As a company, we enhance the value of our shareholders and protect corporate and societal values

The Board of Directors

Hyosung TNC secures the Board of Directors’ transparent and independent decision-making authority and operates a governance system which enables efficient business management based upon appropriate checks and balances. As the highest decision-making body of the company, the Board of Directors(BOD) reviews and decides on matters required by law or corporate articles of association as well as matters delegated by the general meeting of shareholders.
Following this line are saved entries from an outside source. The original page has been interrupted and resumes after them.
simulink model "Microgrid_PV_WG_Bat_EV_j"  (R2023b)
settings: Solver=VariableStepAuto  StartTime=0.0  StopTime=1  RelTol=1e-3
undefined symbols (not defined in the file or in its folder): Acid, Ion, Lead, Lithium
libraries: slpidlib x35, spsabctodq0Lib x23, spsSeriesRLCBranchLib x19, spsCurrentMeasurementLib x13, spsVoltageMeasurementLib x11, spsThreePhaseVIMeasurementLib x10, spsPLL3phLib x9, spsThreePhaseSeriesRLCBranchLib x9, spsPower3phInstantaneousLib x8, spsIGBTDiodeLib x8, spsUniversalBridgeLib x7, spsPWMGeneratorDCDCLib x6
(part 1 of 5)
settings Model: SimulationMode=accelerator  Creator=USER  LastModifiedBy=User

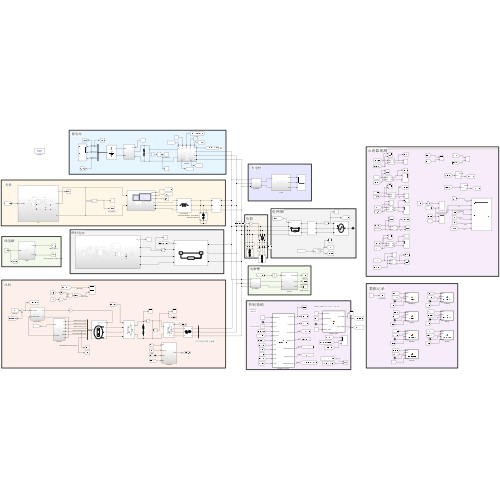
[thumbnail: Simulink's stored preview of the top-level diagram]
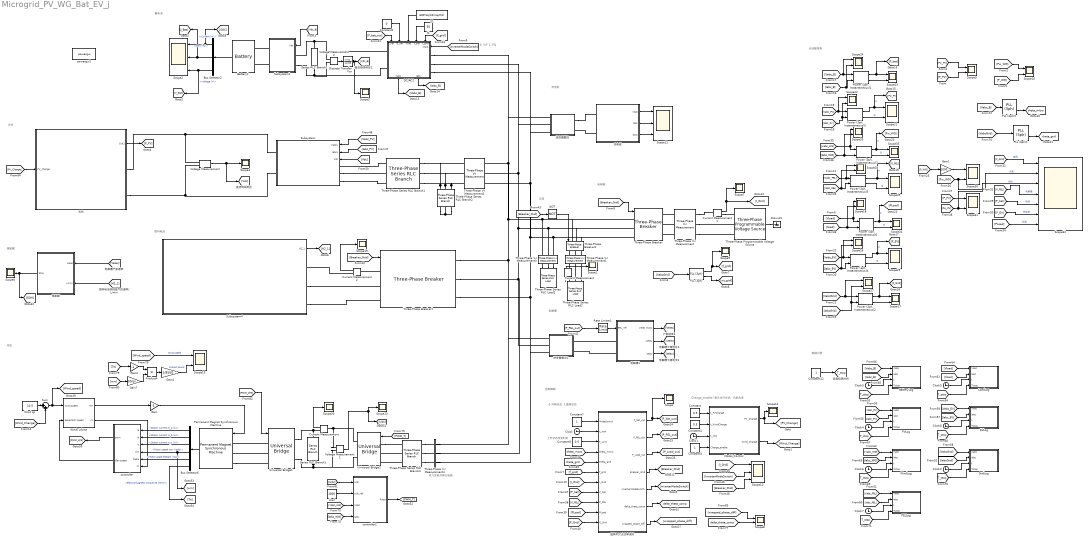
== system Microgrid_PV_WG_Bat_EV_j ==
  note: Change_enable:1表示允许光伏、风机改变
  note: :0 并网状态
      | :1 离网状态
  note: 蓄电池
  note: 储氢罐
  note: 充电桩
  note: 电解槽
  note: 燃料电池
  note: 0: V/F
      | 1: PQ
  note: 光伏
  note: 风力发电并网主电路
  note: 风机
  note: 示波器观测
  note: 数据记录
  note: 工作状态改变时刻
  note: 控制策略
  note: 负荷
  note: 电网侧
  Battery1 : spsBatteryLib/Battery  BatType=Lithium-Ion  ShowTempParam=off  ThermalPreset=no  ShowAgeParam=off  NomV=600  NomQ=10000  SOC=50  Batt_Tr=30  PresetModel=on  MaxQ=10000  MinV=450  FullV=698.3923  Dis_rate=4347.8261  R=0.0006  Normal_OP=9043.4783  expZone="[648.2315      491.3043]"  current=[6.5 13 32.5]  Units=Time  Tci=20  NomT=20  T2=-30  MaxQ2=4.8  FullV2=7.1  Normal_OP2=5.655  expZone2="[6.58           1]"  Rca=0.6  ti=2000  Dp=0  Neq0=0  Tsim=1e6  Ta1=25  Qeol=5.4*0.9  Reol=0.013333*1.2  Char_age=[2.3478, 3]  Dis_age=[2.3478, 10]  N1=1500  N2=10500  N3=1000  N4=1400  Ta2=45  N5=950
  BatteryLog : MATLAB Function  TreatAsAtomicUnit=on  SystemSampleTime=1e-5
  Bus Selector2 : BusSelector  OutputSignals=SOC (%),Current (A),Voltage (V)
  Bus Selector6 : BusSelector  OutputSignals=Stator current is_a (A),Stator current is_b (A),Stator current is_c (A),Rotor speed wm (rad/s),Rotor angle thetam (rad),Electromagnetic torque Te (N*m)
  Clock{,1..8} (9 alike) : Clock
  Constant : Constant  Value=0.5
  Constant1 : Constant  Value=0.5
  Constant12 : Constant
  Constant2 : Constant  Value=0
  Constant3 : Constant
  Constant5 : Constant  Value=0.5
  Constant7 : Constant
  Current Measurement{,1..3} (4 alike) : spsCurrentMeasurementLib/Current Measurement  PhasorSimulation=off  OutputType=Complex  PSBequivalent=0
  DC/AC2 : Subsystem
      settings: PortSchema="{\"entries\":[{\"content\":{\"sides\":[{\"content\":{\"connectorIds\":[\"LConn1\",\"LConn2\"]},\"type\":\"ConnectorPlacement.EquallySpacedRectSide\",\"uuid\":\"3c25f3ef-dfc4-4171-a66c-34d02ac02d8c\"},{\"content\":{\"connectorIds\":[\"In6\",\"RConn1\",\"RConn2\",\"RConn3\"],\"side\":\"RIGHT\"},\"type\":\"ConnectorPlacement.EquallySpacedRectSide\",\"uuid\":\"e6dce20c-09a8-4093-a340-4a6433e2abb5\"},{\"content\":{\"connectorIds\":[\"In1\",\"In2\",\"In3\",\"In4\",\"In5\"],\"side\":\"TOP\"},\"type\":\"ConnectorPlacement.EquallySpacedRectSide\",\"uuid\":\"9a728458-db9e-49f2-aa6e-65bbdb48c66f\"},{\"content\":{\"connectorIds\":[\"Out1\",\"Out2\"],\"side\":\"BOTTOM\"},\"type\":\"ConnectorPlacement.EquallySpacedRectSide\",\"uuid\":\"1b603170-02ae-4700-b32b-0d723ac1cdee\"}]},\"type\":\"ConnectorPlacement.EquallySpacedConnector\",\"uuid\":\"ee4962e9-610e-4348-91fe-b672627aeb34\"}],\"packageUris\":[\"http://schema.mathworks.com/mf0/Connector/R2020b\"],\"version\":\"1.0\"}"
  Discrete Transfer Fcn : DiscreteTransferFcn  Numerator=[0.02]  Denominator=[1 -0.98]
  EVLog : MATLAB Function  TreatAsAtomicUnit=on  SystemSampleTime=1e-5
  Gain : Gain  Gain=-1
  Gain1 : Gain  Gain=1000
  Gain2 : Gain  Gain=-1
  Gain4 : Gain  Gain=1/9550
  Gain7 : Gain  Gain=30/pi
  GridLog : MATLAB Function  TreatAsAtomicUnit=on  SystemSampleTime=1e-5
  Ground1 : spsGroundLib/Ground  LConnTagsString=a
  LoadLog : MATLAB Function  TreatAsAtomicUnit=on  SystemSampleTime=1e-5
  Model_Control : MATLAB Function  TreatAsAtomicUnit=on
  NOT : Logic  Operator=NOT  IconShape=distinctive  AllPortsSameDT=off  OutDataTypeStr=boolean
  PELLog : MATLAB Function  TreatAsAtomicUnit=on  SystemSampleTime=1e-5
  PLL (3ph) : spsPLL3phLib/PLL (3ph)  Fmin=0.0001  Par_Init=[0, 50]  ParK=[180, 3200, 1]  TcD=1e-6  MaxRateChangeFreq=100  FilterCutOffFreq=25  Ts=0  AGC=on
  PLL (3ph)1 : spsPLL3phLib/PLL (3ph)  Fmin=45  Par_Init=[0, 50]  ParK=[180, 3200, 1]  TcD=1e-4  MaxRateChangeFreq=12  FilterCutOffFreq=25  Ts=0  AGC=on
  PLL (3ph)2 : spsPLL3phLib/PLL (3ph)  Fmin=45  Par_Init=[0, 50]  ParK=[180, 3200, 1]  TcD=1e-4  MaxRateChangeFreq=12  FilterCutOffFreq=25  Ts=0  AGC=on
  PVLog : MATLAB Function  TreatAsAtomicUnit=on  SystemSampleTime=1e-5
  Permanent Magnet Synchronous Machine : spsPermanentMagnetSynchronousMachineLib/Permanent Magnet Synchronous Machine  NbPhases=3  FluxDistribution=Sinusoidal  RotorType=Round  MechanicalLoad=Torque Tm  PresetModel=No  ShowDetailedParameters=on  MeasurementBus=off  Resistance=0.025  Inductance=8.5e-3  dqInductances=[8.5e-3,8.5e-3]  La=0.0036  MachineConstant=Flux linkage established by magnets (V.s)  Flux=3.88889  VoltageCst=8464.3995  TorqueCst=70  Flat=120  Mechanical=[60 0.078 12]  PolePairs=4  InitialConditions=[0,0, 0,0]  InitialConditions5ph=[0 0 0 0 0 0]  RefAngle=90 degrees behind phase A axis (modified Park)  IterativeDiscreteModel=Trapezoidal non iterative  TsBlock=-1  TsPowergui=0
  Power (3ph, Instantaneous){1..7} (7 alike) : spsPower3phInstantaneousLib/Power (3ph, Instantaneous)
  Product4 : Product
  Rate Limiter1 : RateLimiter  RisingSlewLimit=100e5  FallingSlewLimit=-100e5
  Scope{,1,3..7,12..13,15,20} (11 alike) : Scope
  Scope10 : Scope  NumInputPorts=3
  Scope11 : Scope  NumInputPorts=3
  Scope{8..9,16..19,21..31,33..35} (20 alike) : Scope  NumInputPorts=2
  Scope2 : Scope  NumInputPorts=3
  Scope32 : Scope  NumInputPorts=7
  Series RLC Branch1 : spsSeriesRLCBranchLib/Series RLC Branch  LConnTagsString=__new0  RConnTagsString=__new0  BranchType=RC  Resistance=0.05  Inductance=1e-3  SetiL0=off  InitialCurrent=0  Capacitance=1e-2  Setx0=on  InitialVoltage=1800  Measurements=None
  Series RLC Branch2 : spsSeriesRLCBranchLib/Series RLC Branch  LConnTagsString=__new0  RConnTagsString=__new0  BranchType=RC  Resistance=0.05  Inductance=1e-3  SetiL0=off  InitialCurrent=0  Capacitance=7e-2  Setx0=on  InitialVoltage=1000  Measurements=None
  Subsystem : Subsystem
  Subsystem1 : Subsystem
  Subsystem4 : Subsystem
  Sum : Sum  Inputs=|++
  Three-Phase Programmable Voltage Source : spsThreePhaseProgrammableVoltageSourceLib/Three-Phase Programmable Voltage Source  PositiveSequence="[600  0 50]"  VariationEntity=None  VariationType=Table of time-amplitude pairs  VariationTypeAlt=Ramp  VariationStep=-5  VariationRate=100  VariationMagnitude=0.3  VariationFrequency=2  VariationTiming=[0.5 1]  VariationPhaseA=off  Amplitudes=[1 0.8 1.2 1.0]  TimeValues=[0 0.1 0.15 0.2]  HarmonicGeneration=off  HarmonicA=[3 0.2 -25 0]  HarmonicB=[2 0.15 35 2]  Timing="[0.05  3]"  BusType=swing  Pref=0  Qref=0  Qmin=-inf  Qmax=inf
  Three-Phase Series RLC Branch1 : spsThreePhaseSeriesRLCBranchLib/Three-Phase Series RLC Branch  LConnTagsString=A|B|C  RConnTagsString=A|B|C  BranchType=L  Resistance=0.1  Inductance=3e-3  Capacitance=1e-6  Measurements=None
  Three-Phase Series RLC Branch2 : spsThreePhaseSeriesRLCBranchLib/Three-Phase Series RLC Branch  LConnTagsString=A|B|C  RConnTagsString=A|B|C  BranchType=RC  Resistance=0.01  Inductance=1e-5  Capacitance=1e-5  Measurements=None
  Three-Phase Series RLC Branch3 : spsThreePhaseSeriesRLCBranchLib/Three-Phase Series RLC Branch  LConnTagsString=A|B|C  RConnTagsString=A|B|C  BranchType=RL  Resistance=0.05  Inductance=7e-3  Capacitance=1e-6  Measurements=None
  Three-Phase Series RLC Load1 : spsThreePhaseSeriesRLCLoadLib/Three-Phase Series RLC Load  LConnTagsString=A|B|C  Configuration=Y (grounded)  NominalVoltage=380  Vabc=[600 600 600]  Vabcp=[1e3 1e3 1e3]  NominalFrequency=50  UnbalancedPower=on  ActivePower=150e3  InductivePower=0  CapacitivePower=0  Pabc=[33e4 33e4 33e4]  QLabc=[100 90 110]  QCabc=[100 90 110]  Pabcp=[10e3 9e3 11e3]  QLabcp=[100 90 110]  QCabcp=[100 90 110]  Measurements=None  LoadType=constant PQ
  Three-Phase Series RLC Load2 : spsThreePhaseSeriesRLCLoadLib/Three-Phase Series RLC Load  LConnTagsString=A|B|C  Configuration=Y (grounded)  NominalVoltage=380  Vabc=[600 600 600]  Vabcp=[1e3 1e3 1e3]  NominalFrequency=50  UnbalancedPower=on  ActivePower=150e3  InductivePower=0  CapacitivePower=0  Pabc=[41e4 41e4 41e4]  QLabc=[100 90 110]  QCabc=[100 90 110]  Pabcp=[10e3 9e3 11e3]  QLabcp=[100 90 110]  QCabcp=[100 90 110]  Measurements=None  LoadType=constant PQ
  Three-Phase V-I Measurement : spsThreePhaseVIMeasurementLib/Three-Phase V-I Measurement  VoltageMeasurement=phase-to-ground  SetLabelV=on  LabelV=VabcGrid  Vpu=off  VpuLL=off  CurrentMeasurement=yes  SetLabelI=on  LabelI=IabcGrid  Ipu=off  Pbase=100e6  Vbase=500e3  OutputType=Complex  PhasorSimulation=off  PSBequivalent=0
  Three-Phase V-I Measurement1 : spsThreePhaseVIMeasurementLib/Three-Phase V-I Measurement  VoltageMeasurement=phase-to-ground  SetLabelV=on  LabelV=Vload1  Vpu=off  VpuLL=off  CurrentMeasurement=yes  SetLabelI=on  LabelI=Iload1  Ipu=off  Pbase=100e6  Vbase=500e3  OutputType=Complex  PhasorSimulation=off  PSBequivalent=0
  Three-Phase V-I Measurement2 : spsThreePhaseVIMeasurementLib/Three-Phase V-I Measurement  VoltageMeasurement=phase-to-ground  SetLabelV=on  LabelV=Vabc_PV  Vpu=off  VpuLL=off  CurrentMeasurement=yes  SetLabelI=on  LabelI=Iabc_PV  Ipu=off  Pbase=100e6  Vbase=500e3  OutputType=Complex  PhasorSimulation=off  PSBequivalent=0
  Three-Phase V-I Measurement3 : spsThreePhaseVIMeasurementLib/Three-Phase V-I Measurement  VoltageMeasurement=phase-to-ground  SetLabelV=on  LabelV=Vload  Vpu=off  VpuLL=off  CurrentMeasurement=yes  SetLabelI=on  LabelI=Iload  Ipu=off  Pbase=100e6  Vbase=500e3  OutputType=Complex  PhasorSimulation=off  PSBequivalent=0
  Three-Phase V-I Measurement4 : spsThreePhaseVIMeasurementLib/Three-Phase V-I Measurement  VoltageMeasurement=phase-to-ground  SetLabelV=on  LabelV=Vabc_WG  Vpu=off  VpuLL=off  CurrentMeasurement=yes  SetLabelI=on  LabelI=Iabc_WG  Ipu=off  Pbase=100e6  Vbase=500e3  OutputType=Complex  PhasorSimulation=off  PSBequivalent=0
  Three-Phase Breaker : spsThreePhaseBreakerLib/Three-Phase Breaker  InitialState=closed  SwitchA=on  SwitchB=on  SwitchC=on  SwitchTimes=0.2  External=on  BreakerResistance=0.0001  SnubberResistance=1e9  SnubberCapacitance=inf  Measurements=Breaker voltages and currents
  Three-Phase Breaker1 : spsThreePhaseBreakerLib/Three-Phase Breaker  InitialState=closed  SwitchA=on  SwitchB=on  SwitchC=on  SwitchTimes=0.5  External=on  BreakerResistance=0.01  SnubberResistance=1e6  SnubberCapacitance=inf  Measurements=None
  Three-Phase Breaker2 : spsThreePhaseBreakerLib/Three-Phase Breaker  InitialState=closed  SwitchA=on  SwitchB=on  SwitchC=on  SwitchTimes=0.2  External=on  BreakerResistance=0.0001  SnubberResistance=1e9  SnubberCapacitance=inf  Measurements=Breaker voltages and currents
  Universal Bridge1 : spsUniversalBridgeLib/Universal Bridge  Arms=3  SnubberResistance=1e5  SnubberCapacitance=inf  Device=IGBT / Diodes  Ron=1e-3  Lon=0  ForwardVoltages="[  0  0  ]"  ForwardVoltage=0  GTOparameters=[ 10e-6 , 20e-6 ]  IGBTparameters=[ 1e-6 , 2e-6 ]  Measurements=None  Measurements_2=None  converterType=Rectifier
  Universal Bridge2 : spsUniversalBridgeLib/Universal Bridge  Arms=3  SnubberResistance=1e5  SnubberCapacitance=inf  Device=IGBT / Diodes  Ron=1e-3  Lon=0  ForwardVoltages="[  0  0  ]"  ForwardVoltage=0  GTOparameters=[ 10e-6 , 20e-6 ]  IGBTparameters=[ 1e-6 , 2e-6 ]  Measurements=None  Measurements_2=None  converterType=Rectifier
  Uref : Constant  Value=1800
  V1 : Constant  Value=600*sqrt(2)/sqrt(3)
  Voltage Measurement : spsVoltageMeasurementLib/Voltage Measurement  PhasorSimulation=off  OutputType=Complex  PSBequivalent=0
  Voltage Measurement1 : spsVoltageMeasurementLib/Voltage Measurement  PhasorSimulation=off  OutputType=Complex  PSBequivalent=0
  Voltage Measurement2 : spsVoltageMeasurementLib/Voltage Measurement  PhasorSimulation=off  OutputType=Complex  PSBequivalent=0
  Wind sp : Constant  Value=10.5
  WindLog : MATLAB Function  TreatAsAtomicUnit=on  SystemSampleTime=1e-5
  WindTurbine : Subsystem
  controller : Subsystem
  controller2 : Subsystem
  f1 : Constant  Value=50
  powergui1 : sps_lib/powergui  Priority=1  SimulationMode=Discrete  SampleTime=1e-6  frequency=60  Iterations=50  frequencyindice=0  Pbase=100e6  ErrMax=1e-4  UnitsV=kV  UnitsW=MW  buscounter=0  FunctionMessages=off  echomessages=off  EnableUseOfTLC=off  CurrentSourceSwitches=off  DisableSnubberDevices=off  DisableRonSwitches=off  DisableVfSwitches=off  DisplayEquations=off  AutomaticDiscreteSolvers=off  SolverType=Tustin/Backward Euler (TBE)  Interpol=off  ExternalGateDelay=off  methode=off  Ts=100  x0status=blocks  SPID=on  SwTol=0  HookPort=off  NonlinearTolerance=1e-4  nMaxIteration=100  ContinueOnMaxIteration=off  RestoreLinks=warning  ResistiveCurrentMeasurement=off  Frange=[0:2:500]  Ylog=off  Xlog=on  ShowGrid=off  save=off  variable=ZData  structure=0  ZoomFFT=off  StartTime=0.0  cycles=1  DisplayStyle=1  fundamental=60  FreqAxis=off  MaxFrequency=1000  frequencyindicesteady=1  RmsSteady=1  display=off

The BOD is also responsible for the review and decision of the foundational principles of business management and its operation aiming to improve interests of all stakeholders including shareholders.

Board

Appointment of the BOD

As of the end of 2019, the BOD consists of 6 directors including 2 standing directors and 4 outside directors, who were appointed as the BOD members on March 21, 2020. Limitations on gender, religion and academic background is banned for the BOD appointment, and candidates are appointed as BOD through a fair process at the general meeting of shareholders. Candidates for standing director are nominated at the BOD and the outside directors are nominated through the Outside Director Candidate Nominating Committee.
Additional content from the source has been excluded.